• **WORKING DATA**:
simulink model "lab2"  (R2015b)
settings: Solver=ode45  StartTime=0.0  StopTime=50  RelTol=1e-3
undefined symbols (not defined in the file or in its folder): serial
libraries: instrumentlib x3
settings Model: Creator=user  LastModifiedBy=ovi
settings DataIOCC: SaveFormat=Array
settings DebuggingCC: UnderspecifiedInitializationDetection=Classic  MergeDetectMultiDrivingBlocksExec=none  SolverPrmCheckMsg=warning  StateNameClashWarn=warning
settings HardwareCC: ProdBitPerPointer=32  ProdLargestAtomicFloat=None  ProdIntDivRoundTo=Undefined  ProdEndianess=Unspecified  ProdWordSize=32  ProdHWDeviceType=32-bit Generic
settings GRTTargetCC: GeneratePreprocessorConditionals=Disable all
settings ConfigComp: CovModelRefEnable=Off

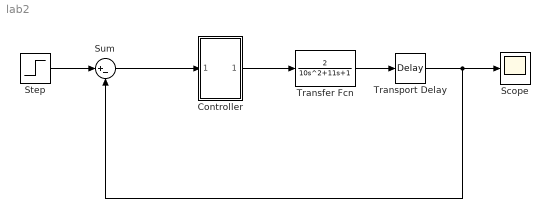
== system lab2 ==
  Controller : Subsystem
  Scope : Scope
  Step : Step  SampleTime=0
  Sum : Sum  Inputs=|+-
  Transfer Fcn : TransferFcn  Numerator=[2]  Denominator=[10 11 1]
  Transport Delay : TransportDelay
  wires:
  Sum/1 -> Controller/1(In1)
  Controller/1(Out1) -> Transfer Fcn/1
  Transport Delay/1 -> Sum/2, Scope/1
  Transfer Fcn/1 -> Transport Delay/1
  Step/1 -> Sum/1

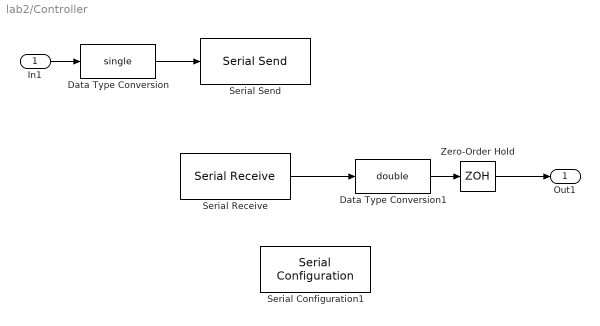
== system lab2/Controller ==
  In1 : Inport
  Data Type Conversion : DataTypeConversion  OutDataTypeStr=single  SampleTime=0.1
  Data Type Conversion1 : DataTypeConversion  OutDataTypeStr=double  SampleTime=0.1
  Serial Configuration1 : instrumentlib/Serial Configuration  Priority=-200000  ComPortMenu=/dev/cu.usbmodem14201  ComPort=/dev/cu.usbmodem14201  ObjConstructor=serial('/dev/cu.usbmodem14201');  BaudRate=9600  DataBits=8  Parity=none  StopBits=1  FlowControl=none  Timeout=10  ByteOrder=LittleEndian
  Serial Receive : instrumentlib/Serial Receive  ComPortMenu=/dev/cu.usbmodem14201  ComPort=/dev/cu.usbmodem14201  ObjConstructor=serial('/dev/cu.usbmodem14201');  Terminator=<none>  DataSize=[1 1]  DataType=uint8  EnableBlockingMode=on  ActionDataUnavailable=Output last received value  CustomValue=0  SampleTime=0.1
  Serial Send : instrumentlib/Serial Send  ComPortMenu=/dev/cu.usbmodem14201  ComPort=/dev/cu.usbmodem14201  ObjConstructor=serial('/dev/cu.usbmodem14201');  Terminator=<none>  EnableBlockingMode=on
  Zero-Order Hold : ZeroOrderHold  SampleTime=0.1
  Out1 : Outport
  wires:
  In1/1 -> Data Type Conversion/1
  Serial Receive/1 -> Data Type Conversion1/1
  Data Type Conversion/1 -> Serial Send/1
  Data Type Conversion1/1 -> Zero-Order Hold/1
  Zero-Order Hold/1 -> Out1/1
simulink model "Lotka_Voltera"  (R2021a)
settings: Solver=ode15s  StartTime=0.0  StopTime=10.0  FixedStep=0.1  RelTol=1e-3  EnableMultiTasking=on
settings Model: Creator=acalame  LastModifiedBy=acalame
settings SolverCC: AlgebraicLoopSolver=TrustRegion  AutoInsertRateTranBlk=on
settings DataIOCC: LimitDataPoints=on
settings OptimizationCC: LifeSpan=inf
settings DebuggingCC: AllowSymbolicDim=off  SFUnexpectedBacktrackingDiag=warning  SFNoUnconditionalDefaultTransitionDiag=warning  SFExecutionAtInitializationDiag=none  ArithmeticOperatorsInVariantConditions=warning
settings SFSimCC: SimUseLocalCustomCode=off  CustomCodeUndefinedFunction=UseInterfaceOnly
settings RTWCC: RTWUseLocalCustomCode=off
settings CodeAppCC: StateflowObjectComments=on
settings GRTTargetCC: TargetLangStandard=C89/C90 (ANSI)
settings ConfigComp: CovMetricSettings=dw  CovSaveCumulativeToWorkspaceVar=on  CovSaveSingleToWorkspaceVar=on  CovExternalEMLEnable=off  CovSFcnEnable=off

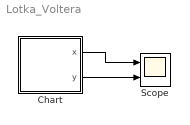
== system Lotka_Voltera ==
  Chart : Stateflow chart  TreatAsAtomicUnit=on
  Scope : Scope  NumInputPorts=2
  wires:
  Chart/1(x) -> Scope/1
  Chart/2(y) -> Scope/2

== stateflow chart Lotka_Voltera/Chart ==
  settings: updateMethod=CONTINUOUS
  state evolution_de_requin_et_sardine
    during :
    x_dot = a*x - b*x*y;
    y_dot =  c*x*y - d*y;
  state evolution_de_requin_et_sardine_peche
    during :
    x_dot = a*x - b*x*y - f*x;
    y_dot =  c*x*y - d*y;
  (default) -> evolution_de_requin_et_sardine : {x=3.33, y = 4}
  evolution_de_requin_et_sardine -> evolution_de_requin_et_sardine_peche : [x>xmax]
  evolution_de_requin_et_sardine_peche -> evolution_de_requin_et_sardine : [x<xmin]
  data: a local =2; b local =1; x output =3.33; y output =4; d local =1; c local =0.3; f local =1; xmax local =3.4; xmin local =3.2
  data x settings: updateMethod=SF_CONTINUOUS_TIME_DATA
  data y settings: updateMethod=SF_CONTINUOUS_TIME_DATA
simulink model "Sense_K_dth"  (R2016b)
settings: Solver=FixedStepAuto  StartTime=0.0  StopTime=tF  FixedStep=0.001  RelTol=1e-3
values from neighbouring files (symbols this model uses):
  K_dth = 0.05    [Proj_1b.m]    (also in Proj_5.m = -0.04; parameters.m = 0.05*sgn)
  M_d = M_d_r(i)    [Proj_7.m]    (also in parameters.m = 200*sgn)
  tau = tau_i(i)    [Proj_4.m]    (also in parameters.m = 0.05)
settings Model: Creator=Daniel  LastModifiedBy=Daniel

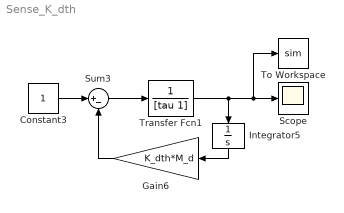
== system Sense_K_dth ==
  Constant3 : Constant
  Gain6 : Gain  Gain=K_dth*M_d
  Integrator5 : Integrator
  Scope : Scope
  Sum3 : Sum  Inputs=|+-
  To Workspace : ToWorkspace  VariableName=sim  SaveFormat=Timeseries  SampleTime=-1
  Transfer Fcn1 : TransferFcn  Denominator=[tau 1]
  wires:
  Sum3/1 -> Transfer Fcn1/1
  Transfer Fcn1/1 -> Scope/1, To Workspace/1, Integrator5/1
  Gain6/1 -> Sum3/2
  Integrator5/1 -> Gain6/1
  Constant3/1 -> Sum3/1
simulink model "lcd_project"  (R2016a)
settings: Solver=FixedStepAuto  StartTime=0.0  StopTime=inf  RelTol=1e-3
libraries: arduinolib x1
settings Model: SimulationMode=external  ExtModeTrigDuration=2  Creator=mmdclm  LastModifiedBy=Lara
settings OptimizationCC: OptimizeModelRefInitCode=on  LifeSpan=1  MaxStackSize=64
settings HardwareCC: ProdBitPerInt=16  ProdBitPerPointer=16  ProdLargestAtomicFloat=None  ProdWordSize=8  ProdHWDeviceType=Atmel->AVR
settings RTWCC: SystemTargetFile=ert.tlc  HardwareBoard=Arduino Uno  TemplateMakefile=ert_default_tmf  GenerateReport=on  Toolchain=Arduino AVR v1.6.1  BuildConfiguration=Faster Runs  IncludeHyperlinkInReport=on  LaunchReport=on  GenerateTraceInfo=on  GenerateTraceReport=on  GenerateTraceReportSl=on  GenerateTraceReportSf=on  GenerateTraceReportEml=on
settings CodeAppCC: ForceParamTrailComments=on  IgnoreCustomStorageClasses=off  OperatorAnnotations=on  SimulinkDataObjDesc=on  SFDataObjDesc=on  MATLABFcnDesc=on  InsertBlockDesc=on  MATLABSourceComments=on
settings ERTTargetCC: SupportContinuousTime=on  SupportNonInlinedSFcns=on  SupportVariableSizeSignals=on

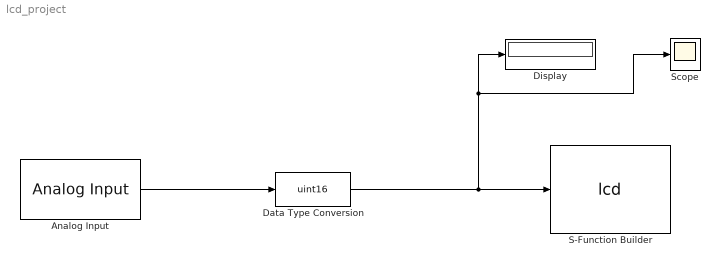
== system lcd_project ==
  Analog Input : arduinolib/Analog Input  pinNumber=0  sampleTime=0.01  blockPlatform=arduino
  Data Type Conversion : DataTypeConversion  OutDataTypeStr=uint16
  Display : Display
  S-Function Builder : S-Function  InitFcn=try, set_param(gcb,'FunctionName','lcd'), end  FunctionName=lcd  SFunctionModules=lcd_wrapper  SFunctionDeploymentMode=off  EnableBusSupport=off  mask(S-Function Builder){}
      mask help: Simulink:masks:SFunctionBuilder_MD
      mask init:
      | val = [[.9  0.75 0.75 1 1 .9 .9 1]',[1 1 0.75 0.75 .9 .9 1 .9]'];try , sys = get_param(gcb,'SfunBuilderFcnName');if isempty(sys), sys = get_param(gcb,'FunctionName'); end,catch, sys = get_param(gcb,'FunctionName'); end
      settings: CopyFcn=set_param(gcbh,'LinkStatus','none')  PreSaveFcn=try, set_param(gcb,'FunctionName','lcd'), end  OpenFcn=sfunctionwizard(gcbh)
      mask Display: plot(val(:,1),val(:,2)),disp(sys), port_label('input',1,'Char_val')
  Scope : Scope
  wires:
  Analog Input/1 -> Data Type Conversion/1
  Data Type Conversion/1 -> Scope/1, Display/1, S-Function Builder/1
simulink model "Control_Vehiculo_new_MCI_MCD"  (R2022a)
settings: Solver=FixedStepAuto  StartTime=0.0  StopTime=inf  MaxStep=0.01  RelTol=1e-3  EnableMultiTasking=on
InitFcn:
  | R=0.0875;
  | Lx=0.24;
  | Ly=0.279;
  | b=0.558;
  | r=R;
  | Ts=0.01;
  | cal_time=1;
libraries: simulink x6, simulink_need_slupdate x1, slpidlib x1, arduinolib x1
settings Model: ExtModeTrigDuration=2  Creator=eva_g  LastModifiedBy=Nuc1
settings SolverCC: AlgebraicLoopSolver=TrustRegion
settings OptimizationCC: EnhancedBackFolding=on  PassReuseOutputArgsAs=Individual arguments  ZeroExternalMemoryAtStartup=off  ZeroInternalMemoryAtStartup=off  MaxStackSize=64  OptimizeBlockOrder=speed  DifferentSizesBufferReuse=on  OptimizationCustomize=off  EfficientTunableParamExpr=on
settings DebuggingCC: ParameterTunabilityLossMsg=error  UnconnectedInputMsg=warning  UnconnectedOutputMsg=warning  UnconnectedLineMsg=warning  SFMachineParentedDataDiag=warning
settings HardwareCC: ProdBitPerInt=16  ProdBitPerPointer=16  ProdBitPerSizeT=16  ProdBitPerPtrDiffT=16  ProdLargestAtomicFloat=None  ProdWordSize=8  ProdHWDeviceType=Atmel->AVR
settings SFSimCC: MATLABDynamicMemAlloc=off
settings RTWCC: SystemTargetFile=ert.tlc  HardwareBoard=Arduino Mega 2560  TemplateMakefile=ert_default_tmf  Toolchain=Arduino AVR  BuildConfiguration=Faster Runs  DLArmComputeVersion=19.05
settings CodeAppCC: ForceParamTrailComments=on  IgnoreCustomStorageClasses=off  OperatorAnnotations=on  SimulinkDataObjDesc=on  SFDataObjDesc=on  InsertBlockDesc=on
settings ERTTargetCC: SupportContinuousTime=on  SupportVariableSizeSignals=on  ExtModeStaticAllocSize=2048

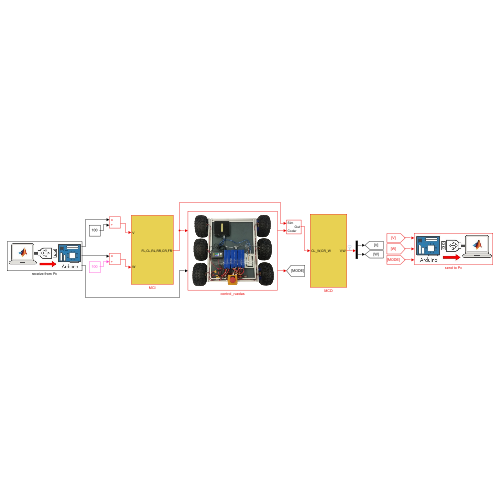
[thumbnail: Simulink's stored preview of the top-level diagram]
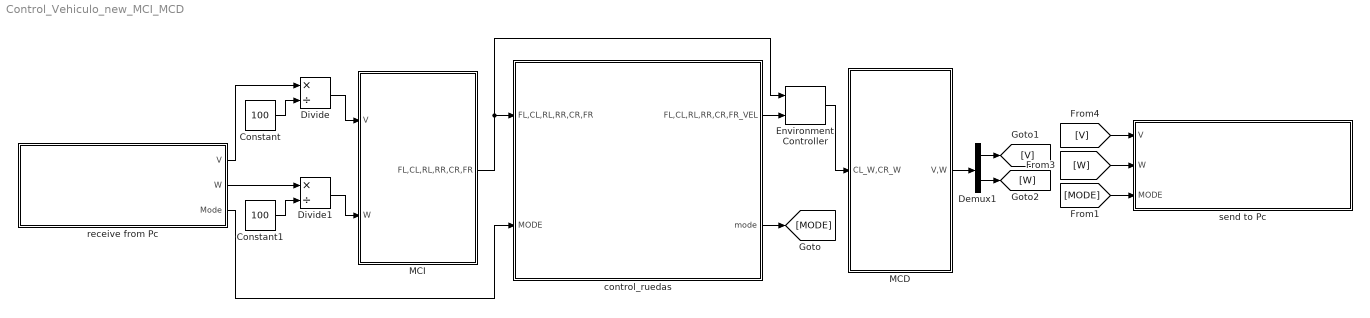
== system Control_Vehiculo_new_MCI_MCD ==
  Constant : Constant  Value=100  OutDataTypeStr=single
  Constant1 : Constant  Value=100  OutDataTypeStr=single
  Demux1 : Demux  Outputs=2
  Divide : Product  Inputs=*/
  Divide1 : Product  Inputs=*/
  Environment Controller : simulink_need_slupdate/Environment Controller
      settings: SourceProductBaseCode=SL
  MCD : Subsystem
  MCI : Subsystem
  control_ruedas : Subsystem
      mask Display: image('ruedas1.png'); % Use "Edit Image" on toolstrip to change.
  receive from Pc : Subsystem
      mask Display: image('ma.jpg'); % Use "Edit Image" on toolstrip to change.
  send to Pc : Subsystem
      mask Display: image('am.jpg'); % Use "Edit Image" on toolstrip to change.
  wires:
  [V] -> send to Pc/1(V)
  Divide1/1 -> MCI/2(W)
  Constant/1 -> Divide/2
  Divide/1 -> MCI/1(V)
  control_ruedas/1(FL,CL,RL,RR,CR,FR_VEL) -> Environment Controller/2
  MCI/1(FL,CL,RL,RR,CR,FR) -> control_ruedas/1(FL,CL,RL,RR,CR,FR), Environment Controller/1
  Environment Controller/1 -> MCD/1(CL_W,CR_W)
  Constant1/1 -> Divide1/2
  control_ruedas/2(mode) -> [MODE]
  Demux1/2 -> [W]
  [MODE] -> send to Pc/3(MODE)
  Demux1/1 -> [V]
  [W] -> send to Pc/2(W)
  MCD/1(V,W) -> Demux1/1
  receive from Pc/1(V) -> Divide/1
  receive from Pc/2(W) -> Divide1/1
  receive from Pc/3(Mode) -> control_ruedas/2(MODE)

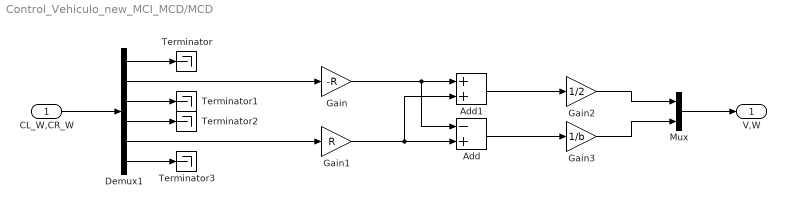
== system Control_Vehiculo_new_MCI_MCD/MCD ==
  CL_W,CR_W : Inport
  Add : Sum  Inputs=-+
  Add1 : Sum
  Demux1 : Demux  Outputs=6
  Gain : Gain  Gain=-R
  Gain1 : Gain  Gain=R
  Gain2 : Gain  Gain=1/2
  Gain3 : Gain  Gain=1/b  ParamDataTypeStr=double
  Mux : Mux  Inputs=2
  Terminator{,1..3} (4 alike) : Terminator
  V,W : Outport
  wires:
  Gain1/1 -> Add/2, Add1/2
  Gain/1 -> Add/1, Add1/1
  Add/1 -> Gain3/1
  Add1/1 -> Gain2/1
  Gain2/1 -> Mux/1
  Gain3/1 -> Mux/2
  Mux/1 -> V,W/1
  CL_W,CR_W/1 -> Demux1/1
  Demux1/2 -> Gain/1
  Demux1/5 -> Gain1/1
  Demux1/1 -> Terminator/1
  Demux1/3 -> Terminator1/1
  Demux1/4 -> Terminator2/1
  Demux1/6 -> Terminator3/1

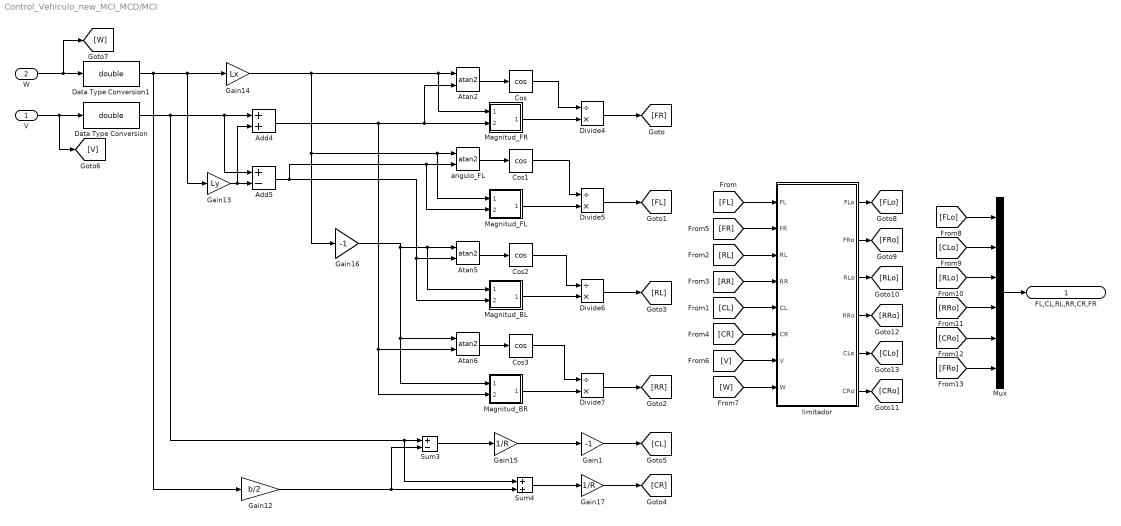
== system Control_Vehiculo_new_MCI_MCD/MCI ==
  V : Inport
  W : Inport  Port=2
  Add4 : Sum
  Add5 : Sum  Inputs=+-
  Atan2 : Trigonometry  Operator=atan2
  Atan5 : Trigonometry  Operator=atan2
  Atan6 : Trigonometry  Operator=atan2
  Cos{,1..3} (4 alike) : Trigonometry  Operator=cos
  Data Type Conversion : DataTypeConversion  OutDataTypeStr=double  SaturateOnIntegerOverflow=off  RndMeth=Floor
  Data Type Conversion1 : DataTypeConversion  OutDataTypeStr=double  SaturateOnIntegerOverflow=off  RndMeth=Floor
  Divide{4..7} (4 alike) : Product  Inputs=/*
  Gain1 : Gain  Gain=-1
  Gain12 : Gain  Gain=b/2
  Gain13 : Gain  Gain=Ly
  Gain14 : Gain  Gain=Lx
  Gain15 : Gain  Gain=1/R
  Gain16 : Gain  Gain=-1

• **TASK DETAILS**: From the records above, copy every line that holds the word "EnableMultiTasking".

• **RESULT**:
settings: Solver=ode15s  StartTime=0.0  StopTime=10.0  FixedStep=0.1  RelTol=1e-3  EnableMultiTasking=on
settings: Solver=FixedStepAuto  StartTime=0.0  StopTime=inf  MaxStep=0.01  RelTol=1e-3  EnableMultiTasking=on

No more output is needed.